═══ Supplied information ═══

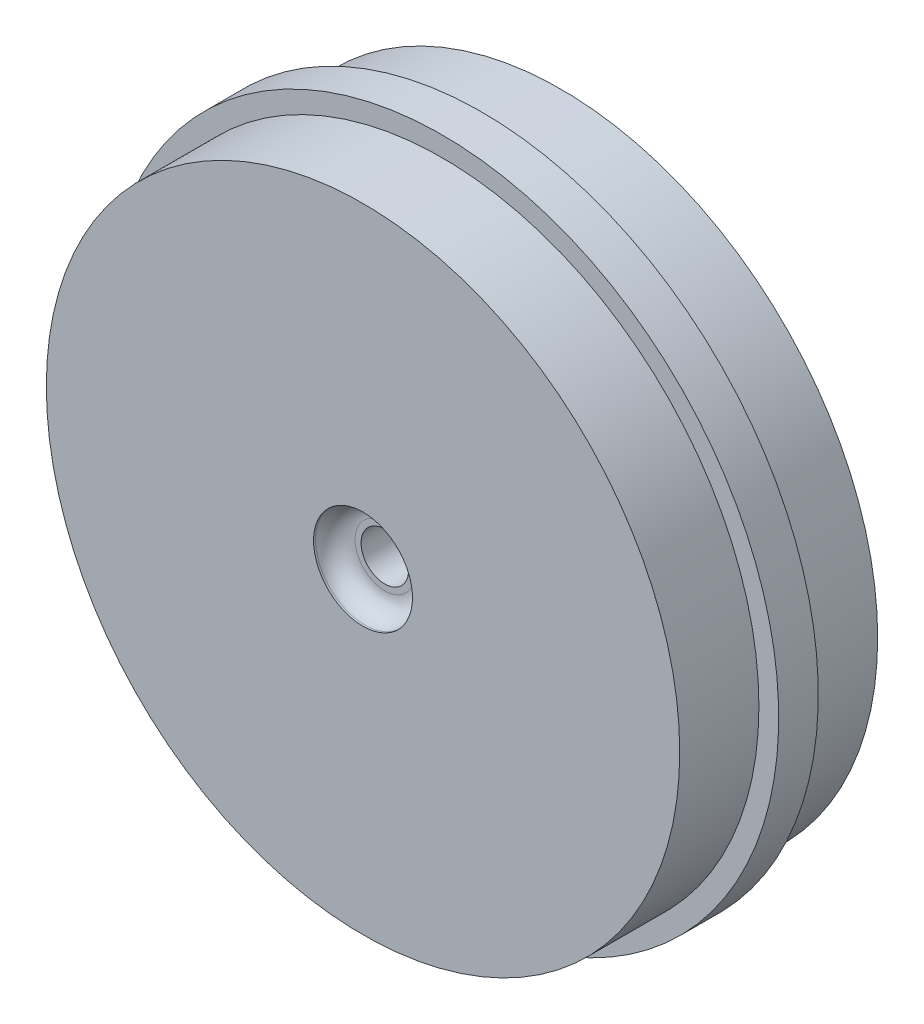
ISO-10303-21;
HEADER;
FILE_DESCRIPTION(('STEP AP214'),'2;1');
FILE_NAME('part.step','',(''),(''),'','','');
FILE_SCHEMA(('AUTOMOTIVE_DESIGN { 1 0 10303 214 1 1 1 1 }'));
ENDSEC;
DATA;
#1=APPLICATION_CONTEXT('core data for automotive mechanical design processes');
#2=APPLICATION_PROTOCOL_DEFINITION('international standard','automotive_design',2000,#1);
#3=PRODUCT_CONTEXT('',#1,'mechanical');
#4=PRODUCT('Part','Part','',(#3));
#5=PRODUCT_RELATED_PRODUCT_CATEGORY('part','',(#4));
#6=PRODUCT_DEFINITION_FORMATION('','',#4);
#7=PRODUCT_DEFINITION_CONTEXT('part definition',#1,'design');
#8=PRODUCT_DEFINITION('design','',#6,#7);
#9=PRODUCT_DEFINITION_SHAPE('','',#8);
#10=(LENGTH_UNIT() NAMED_UNIT(*) SI_UNIT(.MILLI.,.METRE.));
#11=(NAMED_UNIT(*) PLANE_ANGLE_UNIT() SI_UNIT($,.RADIAN.));
#12=(NAMED_UNIT(*) SI_UNIT($,.STERADIAN.) SOLID_ANGLE_UNIT());
#13=UNCERTAINTY_MEASURE_WITH_UNIT(LENGTH_MEASURE(1.E-05),#10,'distance_accuracy_value','');
#14=(GEOMETRIC_REPRESENTATION_CONTEXT(3) GLOBAL_UNCERTAINTY_ASSIGNED_CONTEXT((#13)) GLOBAL_UNIT_ASSIGNED_CONTEXT((#10,
#11,#12)) REPRESENTATION_CONTEXT('',''));
#15=CARTESIAN_POINT('',(0.,0.,0.));
#16=DIRECTION('',(0.,0.,1.));
#17=DIRECTION('',(1.,0.,0.));
#18=AXIS2_PLACEMENT_3D('',#15,#16,#17);
#19=CARTESIAN_POINT('',(0.,0.,20.));
#20=DIRECTION('',(0.,0.,-1.));
#21=DIRECTION('',(-1.,0.,0.));
#22=AXIS2_PLACEMENT_3D('',#19,#20,#21);
#23=CYLINDRICAL_SURFACE('',#22,16.);
#24=CARTESIAN_POINT('',(0.,0.,10.));
#25=DIRECTION('',(0.,0.,1.));
#26=DIRECTION('',(1.,0.,0.));
#27=AXIS2_PLACEMENT_3D('',#24,#25,#26);
#28=CIRCLE('',#27,16.);
#29=CARTESIAN_POINT('',(16.,0.,10.));
#30=VERTEX_POINT('',#29);
#31=EDGE_CURVE('E110',#30,#30,#28,.T.);
#32=ORIENTED_EDGE('',*,*,#31,.F.);
#33=EDGE_LOOP('',(#32));
#34=FACE_BOUND('',#33,.T.);
#35=CARTESIAN_POINT('',(0.,0.,6.));
#36=DIRECTION('',(0.,0.,-1.));
#37=DIRECTION('',(-1.,0.,0.));
#38=AXIS2_PLACEMENT_3D('',#35,#36,#37);
#39=CIRCLE('',#38,16.);
#40=CARTESIAN_POINT('',(-16.,0.,6.));
#41=VERTEX_POINT('',#40);
#42=EDGE_CURVE('E188',#41,#41,#39,.T.);
#43=ORIENTED_EDGE('',*,*,#42,.F.);
#44=EDGE_LOOP('',(#43));
#45=FACE_BOUND('',#44,.T.);
#46=ADVANCED_FACE('F37',(#34,#45),#23,.T.);
#47=CARTESIAN_POINT('',(0.,0.,0.));
#48=DIRECTION('',(0.,0.,1.));
#49=DIRECTION('',(1.,0.,0.));
#50=AXIS2_PLACEMENT_3D('',#47,#48,#49);
#51=PLANE('',#50);
#52=CARTESIAN_POINT('',(0.,0.,0.));
#53=DIRECTION('',(0.,0.,-1.));
#54=DIRECTION('',(-1.,0.,0.));
#55=AXIS2_PLACEMENT_3D('',#52,#53,#54);
#56=CIRCLE('',#55,13.5);
#57=CARTESIAN_POINT('',(-13.5,0.,0.));
#58=VERTEX_POINT('',#57);
#59=EDGE_CURVE('E119',#58,#58,#56,.T.);
#60=ORIENTED_EDGE('',*,*,#59,.F.);
#61=EDGE_LOOP('',(#60));
#62=FACE_BOUND('',#61,.T.);
#63=CARTESIAN_POINT('',(0.,0.,0.));
#64=DIRECTION('',(0.,0.,-1.));
#65=DIRECTION('',(-1.,0.,0.));
#66=AXIS2_PLACEMENT_3D('',#63,#64,#65);
#67=CIRCLE('',#66,16.);
#68=CARTESIAN_POINT('',(-16.,0.,0.));
#69=VERTEX_POINT('',#68);
#70=EDGE_CURVE('E136',#69,#69,#67,.T.);
#71=ORIENTED_EDGE('',*,*,#70,.T.);
#72=EDGE_LOOP('',(#71));
#73=FACE_BOUND('',#72,.T.);
#74=ADVANCED_FACE('F153',(#62,#73),#51,.F.);
#75=CARTESIAN_POINT('',(0.,0.,10.));
#76=DIRECTION('',(0.,0.,1.));
#77=DIRECTION('',(1.,0.,0.));
#78=AXIS2_PLACEMENT_3D('',#75,#76,#77);
#79=PLANE('',#78);
#80=ORIENTED_EDGE('',*,*,#31,.T.);
#81=EDGE_LOOP('',(#80));
#82=FACE_BOUND('',#81,.T.);
#83=CARTESIAN_POINT('',(0.,0.,10.));
#84=DIRECTION('',(0.,0.,1.));
#85=DIRECTION('',(1.,0.,0.));
#86=AXIS2_PLACEMENT_3D('',#83,#84,#85);
#87=CIRCLE('',#86,2.5);
#88=CARTESIAN_POINT('',(2.5,0.,10.));
#89=VERTEX_POINT('',#88);
#90=EDGE_CURVE('E192',#89,#89,#87,.T.);
#91=ORIENTED_EDGE('',*,*,#90,.F.);
#92=EDGE_LOOP('',(#91));
#93=FACE_BOUND('',#92,.T.);
#94=ADVANCED_FACE('F160',(#82,#93),#79,.T.);
#95=CARTESIAN_POINT('',(0.,0.,9.));
#96=DIRECTION('',(0.,0.,1.));
#97=DIRECTION('',(1.,0.,0.));
#98=AXIS2_PLACEMENT_3D('',#95,#96,#97);
#99=CYLINDRICAL_SURFACE('',#98,1.2);
#100=CARTESIAN_POINT('',(0.,0.,7.));
#101=DIRECTION('',(0.,0.,-1.));
#102=DIRECTION('',(-1.,0.,0.));
#103=AXIS2_PLACEMENT_3D('',#100,#101,#102);
#104=CIRCLE('',#103,1.2);
#105=CARTESIAN_POINT('',(-1.2,0.,7.));
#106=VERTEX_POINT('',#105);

═══

**Instructions for the task**
Find "#93=FACE_BOUND('',#92,.T.);" in the entries above, then repeat its line and all lines after it exactly, down to the last line.

**Exercise answer**
#93=FACE_BOUND('',#92,.T.);
#94=ADVANCED_FACE('F160',(#82,#93),#79,.T.);
#95=CARTESIAN_POINT('',(0.,0.,9.));
#96=DIRECTION('',(0.,0.,1.));
#97=DIRECTION('',(1.,0.,0.));
#98=AXIS2_PLACEMENT_3D('',#95,#96,#97);
#99=CYLINDRICAL_SURFACE('',#98,1.2);
#100=CARTESIAN_POINT('',(0.,0.,7.));
#101=DIRECTION('',(0.,0.,-1.));
#102=DIRECTION('',(-1.,0.,0.));
#103=AXIS2_PLACEMENT_3D('',#100,#101,#102);
#104=CIRCLE('',#103,1.2);
#105=CARTESIAN_POINT('',(-1.2,0.,7.));
#106=VERTEX_POINT('',#105);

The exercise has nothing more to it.